Collin Crowell: "I think it's, first, it's a concern, but I don't think, I think the excitement around AI is outweighing the concern at this stage. But I bet, and from what I'm seeing, is that the transition is happening quickly. I think it's incumbent upon anybody to ask hard questions about how their data is being safeguarded. And I think you're gonna see that more and more. So for example, here at Kameleoon, data is quarantined, data is segregated. You have to like, why should a company, let's take a fashion company, why would they want their insights shared with other fashion companies? That's a competitive disadvantage. So I think you need, again, to see with your vendor, how are they properly handling data privacy and data safeguards, and how long have they had experience with AI in order to give you confidence and reassurance that they're addressing the problems that you raised."
Julien Redelsperger: "Okay, perfect. Well, thank you so much. So at the end of each episode, the guest must answer a question posed by the previous guest. After that, you'll have the opportunity to ask a question for the next guest. Are you ready?"
Collin Crowell: "I think so. Let's go."
Julien Redelsperger: "All right, so here's your question, courtesy of Daniel Marcous, who is the founder and CEO of April, which is the first AI-powered tax system to reinvent how Americans approach their taxes. We can listen to his question right now."
Daniel Marcous : "Given the recent and somewhat debatable uprise in the abilities of LLMs to really reason and truly start powering agents like GPT-01 model, what do you think is the next industry that can be disrupted now, given those improvements that couldn't have been disrupted a month ago?'"
Collin Crowell: "Well, it's a great question. Honored that I get a chance to ask it, or answer it, excuse me. Where can those agents have an impact on other verticals? My head is at a place where what comes to mind is that we're always looking at Al to solve some utilitarian issue, like filing my taxes. I think that's a great example. Or help me book a flight. And I think what would be interesting to look at, which I'm not sure we're quite there yet, is what does it mean to have a companion? And so I'm curious whether or not Al is going to disrupt the dating spaces, like the dating apps. And not just from a utilitarian place of pairing people to someone that may be of interest to them. I'm curious about what AI can mean to companionship and solving loneliness, and blurring the lines between giving you genuine feelings with a virtual technology. So to me, that's an area for disruption. Like if somebody could, and I think you're seeing this already, like virtual boyfriends and girlfriends or virtual dates. And I think there's some really interesting questions about are those real or not? Because the feelings and the value that the people seem to be getting from them are pure to be."

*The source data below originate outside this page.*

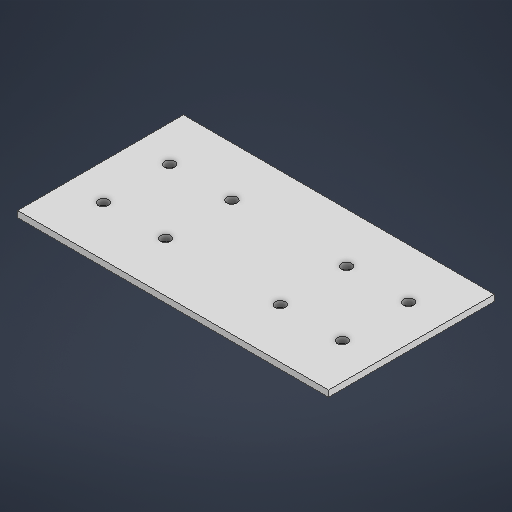
# Autodesk Inventor part: X Axis Base Plate
Saved by Autodesk Inventor 2025.1 (Build 291241000, 241)
## iProperties
Created: 2024-11-10
Part Number: X Axis Base Plate
Material: Generic
Document SubType Name: Modeling
Designer: jerem
Density: 1 g/cm^3
Appearance: Default
Author: jerem
Autodesk Inventor part; units mm, degrees
ref_plane "YZ Plane" through (0, 0, 0) normal (1, 0, 0) x (0, 1, 0)
ref_plane "XZ Plane" through (0, 0, 0) normal (0, 1, 0) x (-1, 0, 0)
ref_plane "XY Plane" through (0, 0, 0) normal (0, 0, 1) x (1, 0, 0)
sketch "Sketch1" plane through (0, 0, 0) normal (0, 1, 0) x (-1, 0, 0)
  line L0 (-75, -40) -> (75, -40)
  line L1 (75, -40) -> (75, 40)
  line L2 (75, 40) -> (-75, 40)
  line L3 (-75, 40) -> (-75, -40)
  line L4 (-75, -40) -> (75, 40) construction
  line L5 (75, -40) -> (-75, 40) construction
  circle A0 centre (-57.65, 16) radius 2.5
  circle A1 centre (-27.65, 16) radius 2.5
  line L6 (-57.65, 16) -> (-27.65, 16) construction
  circle A2 centre (-57.65, -16) radius 2.5
  circle A3 centre (-27.65, -16) radius 2.5
  line L7 (-57.65, -16) -> (-27.65, -16) construction
  line L8 (-42.65, 16) -> (-42.65, -16) construction
  line L9 (27.65, -16) -> (57.65, -16) construction
  circle A4 centre (57.65, -16) radius 2.5
  circle A5 centre (27.65, -16) radius 2.5
  line L10 (27.65, 16) -> (57.65, 16) construction
  circle A6 centre (57.65, 16) radius 2.5
  circle A7 centre (27.65, 16) radius 2.5
  line L11 (42.65, 16) -> (42.65, -16) construction
  line L12 (42.65, 0) -> (0, 0) construction
  line L13 (0, 0) -> (-42.65, 0) construction
  line L14 (20, -22) -> (65.3, -22) construction
  line L15 (65.3, -22) -> (65.3, 22) construction
  line L16 (65.3, 22) -> (20, 22) construction
  line L17 (20, 22) -> (20, -22) construction
  line L18 (20, -22) -> (65.3, 22) construction
  line L19 (65.3, -22) -> (20, 22) construction
  line L20 (-65.3, -22) -> (-20, -22) construction
  line L21 (-20, -22) -> (-20, 22) construction
  line L22 (-20, 22) -> (-65.3, 22) construction
  line L23 (-65.3, 22) -> (-65.3, -22) construction
  line L24 (-65.3, -22) -> (-20, 22) construction
  line L25 (-20, -22) -> (-65.3, 22) construction
  dimension "d0" = 150
  dimension "d1" = 80
  dimension "d2" = 5
  dimension "d3" = 5
  dimension "d4" = 30
  dimension "d5" = 5
  dimension "d6" = 5
  dimension "d7" = 30
  dimension "d8" = 32
  dimension "d9" = 5
  dimension "d10" = 5
  dimension "d11" = 30
  dimension "d12" = 5
  dimension "d13" = 5
  dimension "d14" = 30
  dimension "d15" = 32
  dimension "d16" = 45.3
  dimension "d17" = 44
  dimension "d18" = 45.3
  dimension "d19" = 44
  dimension "d20" = 40
  constraints: 52 end point, 12 midpoint, 8 centre point, 6 horizontal, 6 parallel, 6 perpendicular, 1 collinear
  measures "d0" distance of L2.end L1.end
  measures "d1" distance of L1.end L0.end
  measures "d2" diameter of A0
  measures "d3" diameter of A1
  measures "d4" distance of L6.start L6.end
  measures "d5" diameter of A2
  measures "d6" diameter of A3
  measures "d7" distance of L7.start L7.end
  measures "d8" distance between parallel lines of L6 L7
  measures "d9" diameter of A7
  measures "d10" diameter of A6
  measures "d11" distance of L10.start L10.end
  measures "d12" diameter of A5
  measures "d13" diameter of A4
  measures "d14" distance of L9.start L9.end
  measures "d15" distance between parallel lines of L10 L9
  measures "d16" distance of L16.end L15.end
  measures "d17" distance of L15.end L14.end
  measures "d18" distance of L22.end L21.end
  measures "d19" distance of L21.end L20.end
  measures "d20" distance between parallel lines of L21 L17
extrude "Extrusion1" add sketch "Sketch1" along normal blind 3
equation "\"d3\" = d2"
equation "\"d6\" = d5"
equation "\"d7\" = d4"
equation "\"d10\" = d9"
equation "\"d11\" = d4"
equation "\"d13\" = d12"
equation "\"d14\" = d4"
body "Solid1"

Julien Redelsperger: "Wow, thank you. So now, Collin, what question would you like to pose for the next guest?"
Collin Crowell: "I would like to know, what's a misconception in your work that you wish more people understood? And I'd love to know how would correcting that misconception change the way they approach the work?"
Julien Redelsperger: "Thank you. Collin, it's been an absolute pleasure speaking with you today. Thank you for joining me."
Collin Crowell: "Julien, thank you so much for having me. Pleasure to be with you."
This transcription was generated by an artificial intelligence tool. It may not be 100% accurate and could contain errors and approximations.